What does it mean to have a situation within speculations under control?

Within the profitable development of open trading position, it is necessary to mentally watch, or physically secure reached profitable levels. To reach the real Profit Target, it is necessary to have real expectations. Never leave the profitable development situations to slip into unprofitable levels. Especially not behind the set Stoploss levels, whether physical or mental. Price development of all assets behaves cyclically. It is necessary to secure and take your profits. That is the privilege of professionals.
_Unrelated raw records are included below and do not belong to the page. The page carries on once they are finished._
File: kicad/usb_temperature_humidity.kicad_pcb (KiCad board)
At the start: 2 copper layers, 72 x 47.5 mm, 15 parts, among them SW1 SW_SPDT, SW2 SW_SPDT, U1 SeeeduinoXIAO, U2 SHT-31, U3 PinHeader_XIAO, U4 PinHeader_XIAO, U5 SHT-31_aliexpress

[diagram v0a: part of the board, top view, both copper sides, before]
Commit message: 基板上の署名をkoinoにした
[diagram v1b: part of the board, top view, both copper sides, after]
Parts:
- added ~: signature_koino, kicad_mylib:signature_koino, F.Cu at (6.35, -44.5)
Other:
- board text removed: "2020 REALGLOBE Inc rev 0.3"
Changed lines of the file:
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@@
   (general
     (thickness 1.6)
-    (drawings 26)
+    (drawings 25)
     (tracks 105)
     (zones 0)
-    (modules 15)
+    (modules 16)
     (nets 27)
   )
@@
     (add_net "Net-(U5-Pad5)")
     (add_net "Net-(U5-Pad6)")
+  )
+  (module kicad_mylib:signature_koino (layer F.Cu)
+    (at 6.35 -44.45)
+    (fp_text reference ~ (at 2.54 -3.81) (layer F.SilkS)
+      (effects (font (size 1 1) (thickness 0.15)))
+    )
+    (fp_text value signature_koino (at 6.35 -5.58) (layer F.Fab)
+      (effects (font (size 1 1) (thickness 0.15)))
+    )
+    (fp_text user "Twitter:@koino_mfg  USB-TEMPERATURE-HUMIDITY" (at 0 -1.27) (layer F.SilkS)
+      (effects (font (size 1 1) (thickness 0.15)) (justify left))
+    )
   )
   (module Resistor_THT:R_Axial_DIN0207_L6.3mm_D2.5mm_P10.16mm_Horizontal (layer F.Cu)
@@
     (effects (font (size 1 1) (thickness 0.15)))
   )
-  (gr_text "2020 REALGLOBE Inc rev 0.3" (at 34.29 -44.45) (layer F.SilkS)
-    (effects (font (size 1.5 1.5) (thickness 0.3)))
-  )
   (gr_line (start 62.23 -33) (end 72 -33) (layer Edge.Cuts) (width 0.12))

Within the unprofitable development of open trading position it is necessary to have a current price development of loss position under control. It is necessary to undestand the fact, that price development of all assets behaves cyclically. Also to take into account the existence of Stock Exchange cycles as your potential advantage and manage open position with the vision of minimal loss because that is in most cases only temporary. Take a reasonable loss from market, if it is really necessary, or close the majority of temporary losses in profit. That is the privilege of professionals. To control your risks and temporary losses, it is necessary to trade with adequate small number of contracts, Lots, according to the capital adequacy of disposable account. Then you give yourself an opportunity to close 90-95% of all Stock Exchange speculations in profit. It is certainly wise to have your risks under control.